In strong systems, AI accelerates value, learning, and delivery. In weak systems, it accelerates defects, risk, and fragility.

Enterprise AI adoption must start with literacy, strong DevOps, clear guardrails, a full value stream mindset, and human accountability. This is a system conversation, not a tooling conversation.

Read full perspective →


Where I stand

In late 2024 and throughout 2025, much of the industry conversation around AI focused on adoption rates, usage metrics, and individual productivity gains. My focus was elsewhere: on the delivery system itself, how work flows from idea to production, how teams maintain operational resilience, and whether organizations were building the discipline to safely absorb acceleration.

That perspective is gaining traction now. More leaders are recognizing that AI adoption is a system conversation. I’ve been making that case since the beginning.


The one-minute version

AI is reshaping how code is written and how technology organizations think about the full system that delivers software.

To truly leverage what AI can do, organizations have to get exceptionally good at DevOps so code can move from idea to production quickly, reliably, consistently, and securely.

AI reveals the truth about your delivery system.

If organizations apply AI only to code generation while ignoring the surrounding system, they risk achieving local gains while causing broader dysfunction.


Full perspective

AI adoption starts with literacy

The question for most companies is no longer whether AI matters. It does. The question is how to begin adopting it practically and responsibly.

That starts with exposure, hands-on use, and shared learning. Teams need time to understand the tools, compare options, and build judgment through real experience.

Teams build AI judgment through real experience and shared learning.

But fluency alone is not enough. Without engineering depth, judgment, and systems thinking, AI adoption gets shallow fast. Organizations still need strong fundamentals to make AI durable at enterprise scale.

Leadership still matters

The old model, which overvalued the technical leader who could personally grind out the most code, was already limited. In an AI-enabled environment, it becomes even less useful.

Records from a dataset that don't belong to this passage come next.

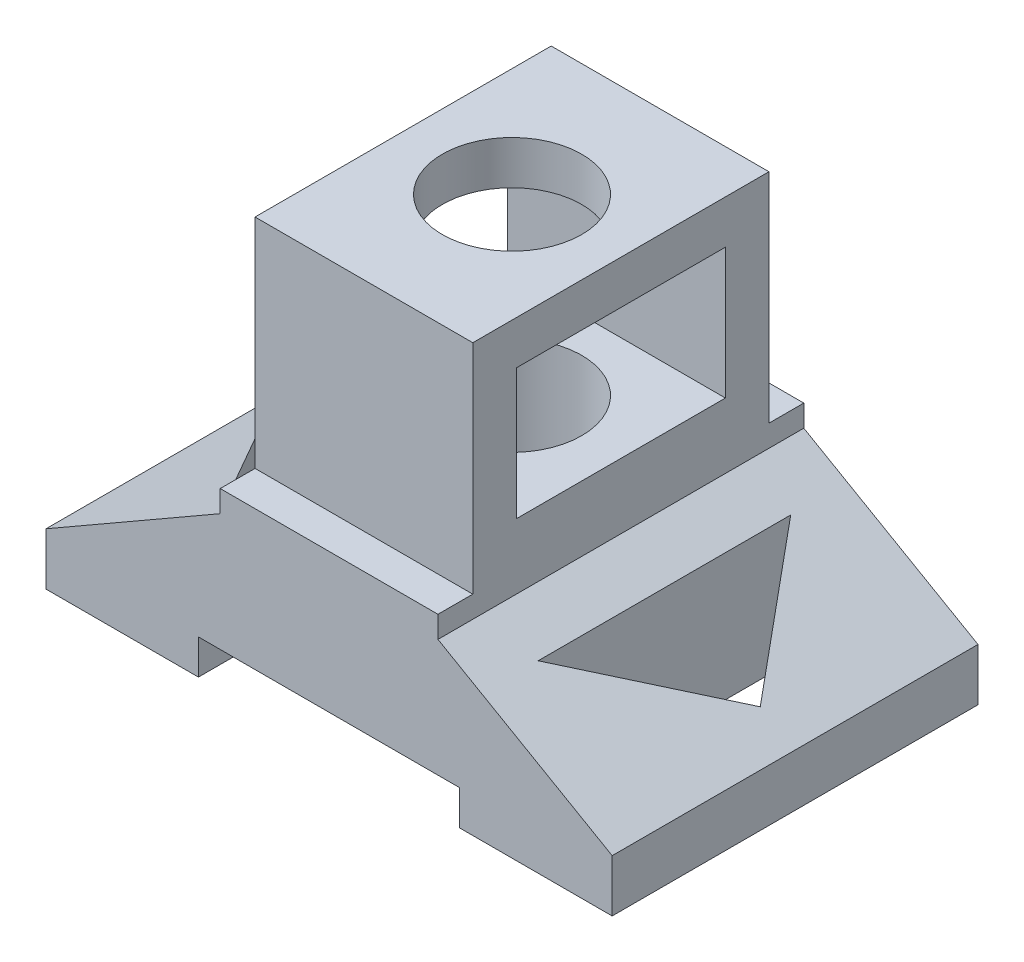
SolidWorks part; units mm, degrees
ref_plane "Front Plane" through (0, 0, 0) normal (0, 0, 1) x (1, 0, 0)
ref_plane "Top Plane" through (0, 0, 0) normal (0, 1, 0) x (1, 0, 0)
ref_plane "Right Plane" through (0, 0, 0) normal (1, 0, 0) x (0, 0, -1)
sketch "Sketch1" plane through (0, 0, 0) normal (0, 0, 1) x (1, 0, 0)
  line L0 (0, 0) -> (0, 8) construction
  line L1 (-30, 8) -> (30, 8)
  line L2 (30, 8) -> (30, 0)
  line L3 (30, 0) -> (65, 0)
  line L4 (65, 0) -> (65, 12)
  line L5 (65, 12) -> (25, 35)
  line L6 (25, 35) -> (25, 90)
  line L7 (25, 90) -> (-25, 90)
  line L8 (0, 90) -> (0, 8) construction
  line L9 (-25, 35) -> (-25, 90)
  line L10 (-65, 12) -> (-25, 35)
  line L11 (-65, 0) -> (-65, 12)
  line L12 (-30, 0) -> (-65, 0)
  line L13 (-30, 8) -> (-30, 0)
  line L14 (-25, 40) -> (25, 40)
  dimension "D1" = 60
  dimension "D2" = 130
  dimension "D3" = 8
  dimension "D4" = 12
  dimension "D5" = 90
  dimension "D6" = 50
  dimension "D7" = 40
  dimension "D8" = 35
extrude "Boss-Extrude1" add sketch "Sketch1" along normal blind 42 and the other way blind 42 contours L14 L9 L10 L11 L12 L13 L1 L2 L3 L4 L5 L6 region at (0, 18.2157, 0)
extrude "Boss-Extrude2" add sketch "Sketch1<3>" along normal blind 34 and the other way blind 34 contours L9 L14 L6 L7 region at (0, 65, 0)
sketch "Sketch1<3>" plane through (0, 0, 0) normal (0, 0, 1) x (1, 0, 0) same geometry as "Sketch1"
sketch "Sketch2" plane through (25, 0, 0) normal (1, 0, 0) x (0, 0, -1)
  line L0 (-24, 80) -> (24, 80)
  line L1 (-24, 80) -> (-24, 50)
  line L2 (24, 80) -> (24, 50)
  line L3 (-24, 50) -> (24, 50)
  line L4 (-24, 80) -> (24, 50) construction
  line L5 (24, 80) -> (-24, 50) construction
  line L6 (0, 90) -> (0, 35) construction
  line L7 (34, 90) -> (-34, 90) construction
  line L8 (42, 35) -> (-42, 35) construction
  line L9 (34, 40) -> (34, 90) construction
  point P1 (0, 65)
  point P11 (0, 0)
  point P14 (34, 65)
  dimension "D1" = 48
  dimension "D2" = 30
extrude "Cut-Extrude1" cut sketch "Sketch2" against normal through all
sketch "Sketch3" plane through (0, 0, 0) normal (0, -1, 0) x (1, 0, 0)
  line L0 (-35, 29) -> (-57, 0)
  line L1 (-57, 0) -> (-35, -29)
  line L2 (-35, -29) -> (-35, 29)
  line L3 (0, 0) -> (0, 32.3722) construction
  line L4 (35, -29) -> (35, 29)
  line L5 (57, 0) -> (35, -29)
  line L6 (35, 29) -> (57, 0)
  circle A0 centre (0, 0) radius 16
  point P7 (-35, 0)
  dimension "D4" = 32
  dimension "D1" = 114
  dimension "D2" = 70
  dimension "D3" = 58
extrude "Cut-Extrude2" cut sketch "Sketch3" against normal through all

What matters more now is the ability to build strong teams, create repeatable systems, develop experienced people, and lead through change.

Experienced engineers become force multipliers when paired with AI. Their value is in what they can shape, guide, review, and orchestrate across increasingly AI-enabled workflows.

Humans remain accountable for what AI helps create.

The leaders who create the most value with AI will be the ones who understand people, systems, flow, and change.

AI across the value stream

I say this not only as a technology leader, but as a technologist and active user of AI. I use it. I see how it can accelerate thinking, improve analysis, and increase the leverage of experienced professionals.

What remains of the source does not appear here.